PROBLEM TO WORK ON → Return verbatim all lines from the first one in the records to the line with "2026 | Hackerspace Kraków", both ends kept.
+===+
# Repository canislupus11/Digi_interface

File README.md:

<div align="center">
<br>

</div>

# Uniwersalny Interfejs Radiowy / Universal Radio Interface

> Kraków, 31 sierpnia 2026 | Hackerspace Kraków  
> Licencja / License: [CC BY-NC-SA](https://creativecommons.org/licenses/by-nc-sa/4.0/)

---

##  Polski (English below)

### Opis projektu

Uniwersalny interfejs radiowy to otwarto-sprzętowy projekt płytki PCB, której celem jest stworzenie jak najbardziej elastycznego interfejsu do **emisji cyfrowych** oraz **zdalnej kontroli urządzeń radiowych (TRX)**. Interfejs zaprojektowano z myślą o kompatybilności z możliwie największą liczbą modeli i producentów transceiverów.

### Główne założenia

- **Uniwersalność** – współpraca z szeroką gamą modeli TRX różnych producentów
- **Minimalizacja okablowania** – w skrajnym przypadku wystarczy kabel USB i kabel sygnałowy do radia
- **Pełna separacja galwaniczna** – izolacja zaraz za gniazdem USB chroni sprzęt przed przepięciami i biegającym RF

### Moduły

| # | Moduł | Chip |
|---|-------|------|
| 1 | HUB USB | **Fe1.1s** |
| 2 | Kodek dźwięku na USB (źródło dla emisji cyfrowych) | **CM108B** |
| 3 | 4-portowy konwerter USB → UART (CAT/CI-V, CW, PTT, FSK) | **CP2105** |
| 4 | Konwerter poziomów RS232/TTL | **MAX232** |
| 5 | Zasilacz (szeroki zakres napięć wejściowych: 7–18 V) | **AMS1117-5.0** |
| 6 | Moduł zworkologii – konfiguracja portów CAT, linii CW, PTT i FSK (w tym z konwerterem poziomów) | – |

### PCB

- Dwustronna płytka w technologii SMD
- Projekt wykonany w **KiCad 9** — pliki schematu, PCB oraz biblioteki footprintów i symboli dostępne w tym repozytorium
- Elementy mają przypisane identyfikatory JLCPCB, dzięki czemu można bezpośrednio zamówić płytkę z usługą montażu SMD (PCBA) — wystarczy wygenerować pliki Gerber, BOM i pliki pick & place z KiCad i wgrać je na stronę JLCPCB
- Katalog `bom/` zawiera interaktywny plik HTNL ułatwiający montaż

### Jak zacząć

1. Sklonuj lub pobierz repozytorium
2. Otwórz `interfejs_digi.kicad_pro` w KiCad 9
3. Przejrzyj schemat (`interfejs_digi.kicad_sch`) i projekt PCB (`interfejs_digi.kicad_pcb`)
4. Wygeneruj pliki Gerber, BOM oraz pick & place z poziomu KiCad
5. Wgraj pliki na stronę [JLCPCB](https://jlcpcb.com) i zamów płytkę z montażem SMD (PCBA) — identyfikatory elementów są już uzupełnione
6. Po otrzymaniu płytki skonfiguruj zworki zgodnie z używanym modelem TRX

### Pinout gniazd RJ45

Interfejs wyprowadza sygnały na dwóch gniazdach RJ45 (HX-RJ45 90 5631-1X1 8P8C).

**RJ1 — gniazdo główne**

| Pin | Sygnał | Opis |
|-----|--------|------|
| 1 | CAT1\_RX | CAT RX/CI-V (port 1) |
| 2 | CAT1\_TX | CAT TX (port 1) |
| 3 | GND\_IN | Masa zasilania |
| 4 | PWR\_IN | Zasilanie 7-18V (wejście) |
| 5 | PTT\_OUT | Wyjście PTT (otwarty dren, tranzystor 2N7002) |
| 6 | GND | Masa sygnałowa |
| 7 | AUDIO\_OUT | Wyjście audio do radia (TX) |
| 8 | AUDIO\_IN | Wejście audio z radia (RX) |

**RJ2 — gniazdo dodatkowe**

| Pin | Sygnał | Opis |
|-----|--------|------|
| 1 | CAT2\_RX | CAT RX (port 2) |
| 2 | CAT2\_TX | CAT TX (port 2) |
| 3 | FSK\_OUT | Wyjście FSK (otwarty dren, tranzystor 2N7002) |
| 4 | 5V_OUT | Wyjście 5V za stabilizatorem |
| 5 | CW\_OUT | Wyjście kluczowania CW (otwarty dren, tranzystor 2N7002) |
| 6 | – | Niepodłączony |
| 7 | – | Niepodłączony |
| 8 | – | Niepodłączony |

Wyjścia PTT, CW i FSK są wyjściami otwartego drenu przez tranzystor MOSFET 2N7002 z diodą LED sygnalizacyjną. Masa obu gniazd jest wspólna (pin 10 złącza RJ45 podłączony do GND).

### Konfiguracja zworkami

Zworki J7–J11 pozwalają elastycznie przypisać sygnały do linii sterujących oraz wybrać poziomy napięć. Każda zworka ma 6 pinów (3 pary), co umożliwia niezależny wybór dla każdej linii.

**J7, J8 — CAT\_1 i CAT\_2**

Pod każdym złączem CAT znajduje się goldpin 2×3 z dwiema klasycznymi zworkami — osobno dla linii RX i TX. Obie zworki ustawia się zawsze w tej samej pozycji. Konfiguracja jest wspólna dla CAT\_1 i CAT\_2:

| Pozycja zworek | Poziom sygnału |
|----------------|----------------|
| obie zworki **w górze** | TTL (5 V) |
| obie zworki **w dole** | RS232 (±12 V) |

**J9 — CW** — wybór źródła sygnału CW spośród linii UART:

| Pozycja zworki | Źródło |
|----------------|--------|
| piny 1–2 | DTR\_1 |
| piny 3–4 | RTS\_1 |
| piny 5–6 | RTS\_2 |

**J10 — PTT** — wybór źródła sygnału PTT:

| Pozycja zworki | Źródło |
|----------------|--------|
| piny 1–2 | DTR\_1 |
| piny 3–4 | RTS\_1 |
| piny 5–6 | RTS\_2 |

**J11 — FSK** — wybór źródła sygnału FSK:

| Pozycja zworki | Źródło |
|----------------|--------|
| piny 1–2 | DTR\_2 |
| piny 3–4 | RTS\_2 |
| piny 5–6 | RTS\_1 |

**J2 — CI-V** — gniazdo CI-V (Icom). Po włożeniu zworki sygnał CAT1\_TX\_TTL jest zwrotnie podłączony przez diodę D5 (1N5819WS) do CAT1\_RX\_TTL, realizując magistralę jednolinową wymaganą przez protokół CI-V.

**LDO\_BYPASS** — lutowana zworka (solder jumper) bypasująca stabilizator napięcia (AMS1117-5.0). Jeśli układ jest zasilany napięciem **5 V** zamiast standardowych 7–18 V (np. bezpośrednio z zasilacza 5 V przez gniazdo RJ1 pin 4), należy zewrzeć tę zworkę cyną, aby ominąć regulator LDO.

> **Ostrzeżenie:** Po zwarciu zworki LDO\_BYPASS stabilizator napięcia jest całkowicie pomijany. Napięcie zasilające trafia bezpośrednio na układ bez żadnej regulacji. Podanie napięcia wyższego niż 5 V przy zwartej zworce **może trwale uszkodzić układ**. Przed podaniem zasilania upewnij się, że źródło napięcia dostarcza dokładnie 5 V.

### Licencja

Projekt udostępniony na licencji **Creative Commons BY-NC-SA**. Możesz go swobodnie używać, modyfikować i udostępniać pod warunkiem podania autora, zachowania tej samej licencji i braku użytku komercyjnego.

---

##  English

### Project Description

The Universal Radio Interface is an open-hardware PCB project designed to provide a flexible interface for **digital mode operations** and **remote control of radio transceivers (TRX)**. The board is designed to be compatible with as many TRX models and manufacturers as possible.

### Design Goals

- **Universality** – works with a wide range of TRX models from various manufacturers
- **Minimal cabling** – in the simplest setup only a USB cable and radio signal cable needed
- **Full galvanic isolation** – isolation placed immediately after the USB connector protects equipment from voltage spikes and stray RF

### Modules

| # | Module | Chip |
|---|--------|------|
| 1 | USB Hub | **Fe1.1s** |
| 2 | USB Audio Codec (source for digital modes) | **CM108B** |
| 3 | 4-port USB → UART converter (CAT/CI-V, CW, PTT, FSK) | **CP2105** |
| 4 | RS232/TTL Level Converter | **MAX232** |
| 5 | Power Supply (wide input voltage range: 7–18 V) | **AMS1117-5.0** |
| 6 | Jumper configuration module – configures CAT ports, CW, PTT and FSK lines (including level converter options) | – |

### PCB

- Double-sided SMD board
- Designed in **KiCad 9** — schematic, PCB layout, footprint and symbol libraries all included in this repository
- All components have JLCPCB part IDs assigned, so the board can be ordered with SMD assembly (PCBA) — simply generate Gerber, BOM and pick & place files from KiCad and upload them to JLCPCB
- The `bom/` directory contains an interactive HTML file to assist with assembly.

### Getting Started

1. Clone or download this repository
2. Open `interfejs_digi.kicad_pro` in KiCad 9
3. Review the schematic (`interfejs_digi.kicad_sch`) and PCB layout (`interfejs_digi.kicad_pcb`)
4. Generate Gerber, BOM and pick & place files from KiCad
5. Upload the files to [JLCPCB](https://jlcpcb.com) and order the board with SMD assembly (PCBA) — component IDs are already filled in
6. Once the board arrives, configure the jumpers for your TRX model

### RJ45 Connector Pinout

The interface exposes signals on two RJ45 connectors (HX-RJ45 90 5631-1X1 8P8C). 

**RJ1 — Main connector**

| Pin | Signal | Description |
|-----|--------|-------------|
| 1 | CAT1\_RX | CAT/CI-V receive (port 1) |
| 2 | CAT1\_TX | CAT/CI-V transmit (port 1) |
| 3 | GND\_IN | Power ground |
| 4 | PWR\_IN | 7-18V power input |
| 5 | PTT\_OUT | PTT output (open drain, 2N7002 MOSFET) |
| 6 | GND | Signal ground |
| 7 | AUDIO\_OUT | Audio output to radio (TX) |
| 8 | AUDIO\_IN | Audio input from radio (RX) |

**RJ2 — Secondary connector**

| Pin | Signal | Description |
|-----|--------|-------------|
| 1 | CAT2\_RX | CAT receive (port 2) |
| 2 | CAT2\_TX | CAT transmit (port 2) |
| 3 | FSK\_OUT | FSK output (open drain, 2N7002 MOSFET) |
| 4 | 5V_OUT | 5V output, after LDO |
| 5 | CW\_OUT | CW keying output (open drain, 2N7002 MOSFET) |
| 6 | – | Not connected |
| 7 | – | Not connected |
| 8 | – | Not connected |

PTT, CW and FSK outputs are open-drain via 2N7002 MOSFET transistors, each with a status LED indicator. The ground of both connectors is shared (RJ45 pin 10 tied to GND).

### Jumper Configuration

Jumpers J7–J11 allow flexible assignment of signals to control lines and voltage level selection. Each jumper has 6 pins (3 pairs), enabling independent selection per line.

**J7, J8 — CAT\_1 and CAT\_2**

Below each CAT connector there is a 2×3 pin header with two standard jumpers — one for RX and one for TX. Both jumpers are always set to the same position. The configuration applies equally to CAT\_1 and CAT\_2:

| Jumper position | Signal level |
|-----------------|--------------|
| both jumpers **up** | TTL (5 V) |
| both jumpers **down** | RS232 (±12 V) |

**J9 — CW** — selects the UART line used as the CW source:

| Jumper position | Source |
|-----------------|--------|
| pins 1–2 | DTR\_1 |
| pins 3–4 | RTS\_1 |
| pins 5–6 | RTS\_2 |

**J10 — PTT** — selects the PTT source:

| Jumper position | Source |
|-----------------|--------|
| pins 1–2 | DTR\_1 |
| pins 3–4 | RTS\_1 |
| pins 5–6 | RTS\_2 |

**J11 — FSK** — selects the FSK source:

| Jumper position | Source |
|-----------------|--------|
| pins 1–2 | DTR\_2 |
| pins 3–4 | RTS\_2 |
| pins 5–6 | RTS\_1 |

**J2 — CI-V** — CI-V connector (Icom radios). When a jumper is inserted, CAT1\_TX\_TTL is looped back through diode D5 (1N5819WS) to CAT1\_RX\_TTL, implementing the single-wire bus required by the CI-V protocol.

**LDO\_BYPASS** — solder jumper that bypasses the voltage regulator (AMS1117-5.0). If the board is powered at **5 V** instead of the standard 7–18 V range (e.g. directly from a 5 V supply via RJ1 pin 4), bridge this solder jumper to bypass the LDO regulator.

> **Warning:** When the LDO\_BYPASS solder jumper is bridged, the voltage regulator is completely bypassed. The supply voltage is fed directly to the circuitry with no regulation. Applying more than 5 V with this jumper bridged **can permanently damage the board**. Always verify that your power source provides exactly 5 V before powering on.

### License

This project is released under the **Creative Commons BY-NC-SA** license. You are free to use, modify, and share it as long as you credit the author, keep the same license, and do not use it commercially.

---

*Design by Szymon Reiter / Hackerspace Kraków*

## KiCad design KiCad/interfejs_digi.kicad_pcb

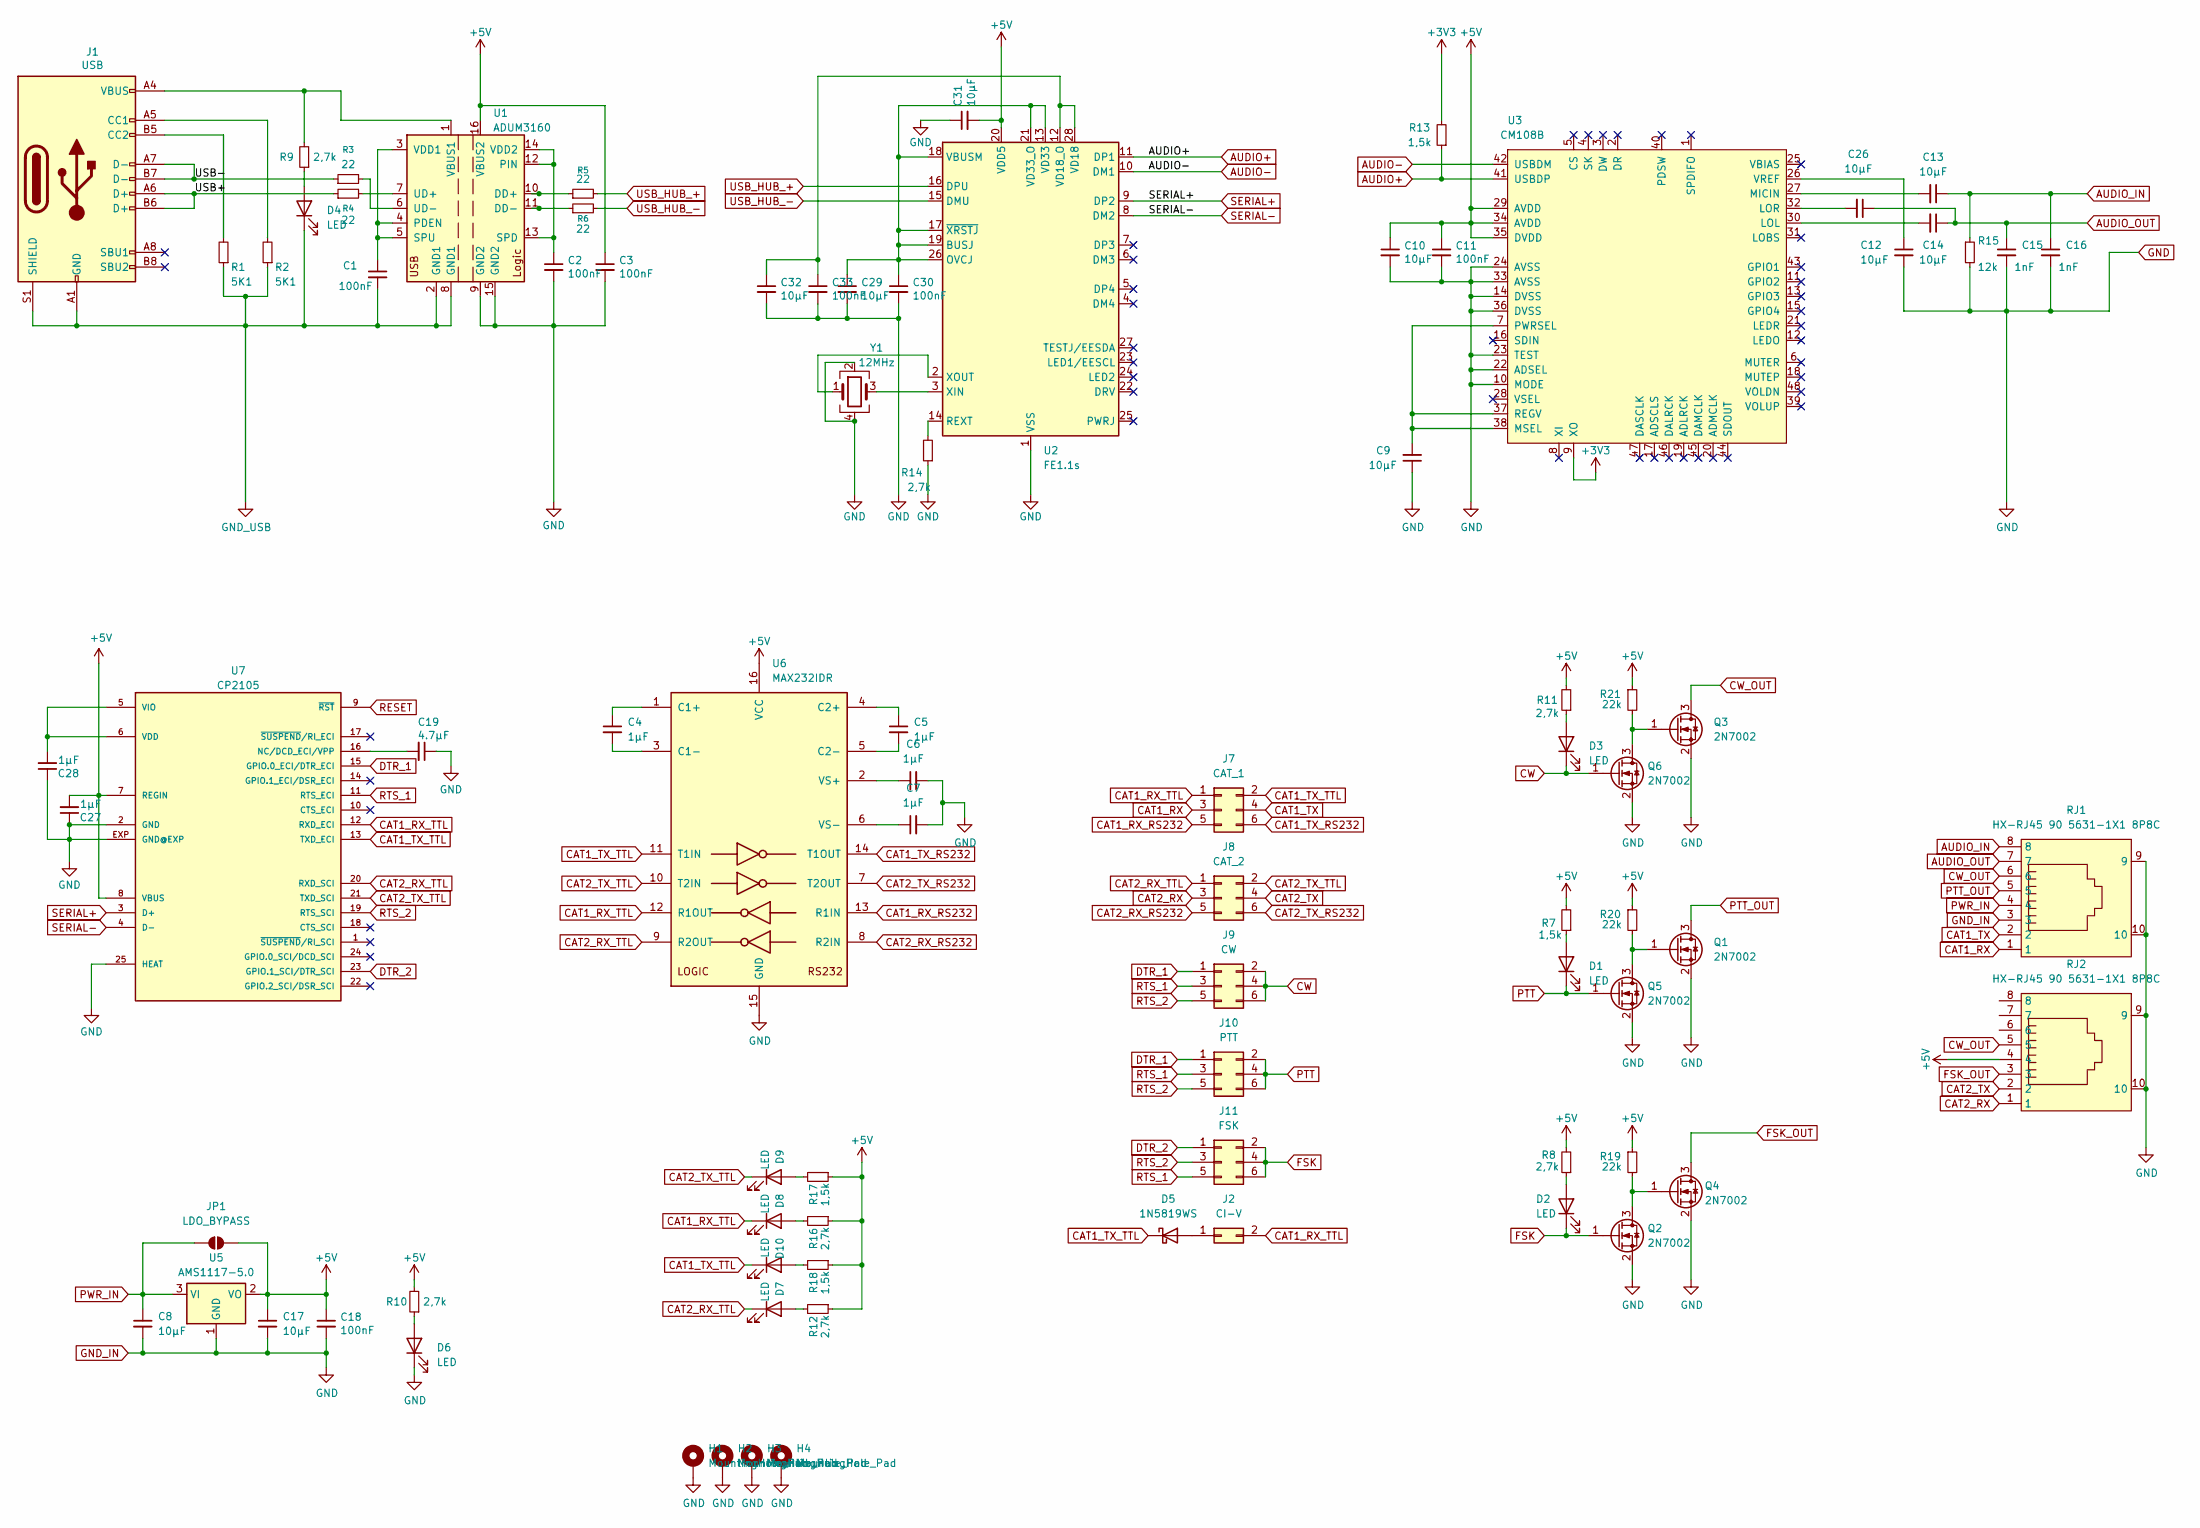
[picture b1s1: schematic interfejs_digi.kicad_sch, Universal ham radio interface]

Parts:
C1, C2, C3, C11, C18, C30, C33: 100nF; C_0603_1608Metric; LCSC C14663
C4, C5, C6, C7, C27, C28: 1µF; C_0603_1608Metric; LCSC C15849
C8, C9, C10, C12, C13, C14, C17, C26, C29, C31, C32: 10µF; C_0603_1608Metric; LCSC C19702
C15, C16: 1nF; C_0603_1608Metric; LCSC C1588
C19: 4.7µF; C_0603_1608Metric; LCSC C19666
D1, D9, D10: LED; LED_0805_2012Metric; LCSC C84256
D2, D3, D4, D6, D7, D8: LED; LED_0805_2012Metric; LCSC C2297
D5: 1N5819WS; D_SOD-323; LCSC C191023
H1, H2, H3, H4: MountingHole_Pad; MountingHole_3.2mm_M3_Pad_Via
J1: USB; USB_C_Receptacle_HRO_TYPE-C-31-M-12; LCSC C393939
J2: CI-V; PinHeader_1x02_P2.54mm_Vertical; LCSC C41430884
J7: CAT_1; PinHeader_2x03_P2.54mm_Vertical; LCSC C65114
+===+
EXERCISE RESULT →
# Repository canislupus11/Digi_interface

File README.md:

<div align="center">
<br>

</div>

# Uniwersalny Interfejs Radiowy / Universal Radio Interface

> Kraków, 31 sierpnia 2026 | Hackerspace Kraków  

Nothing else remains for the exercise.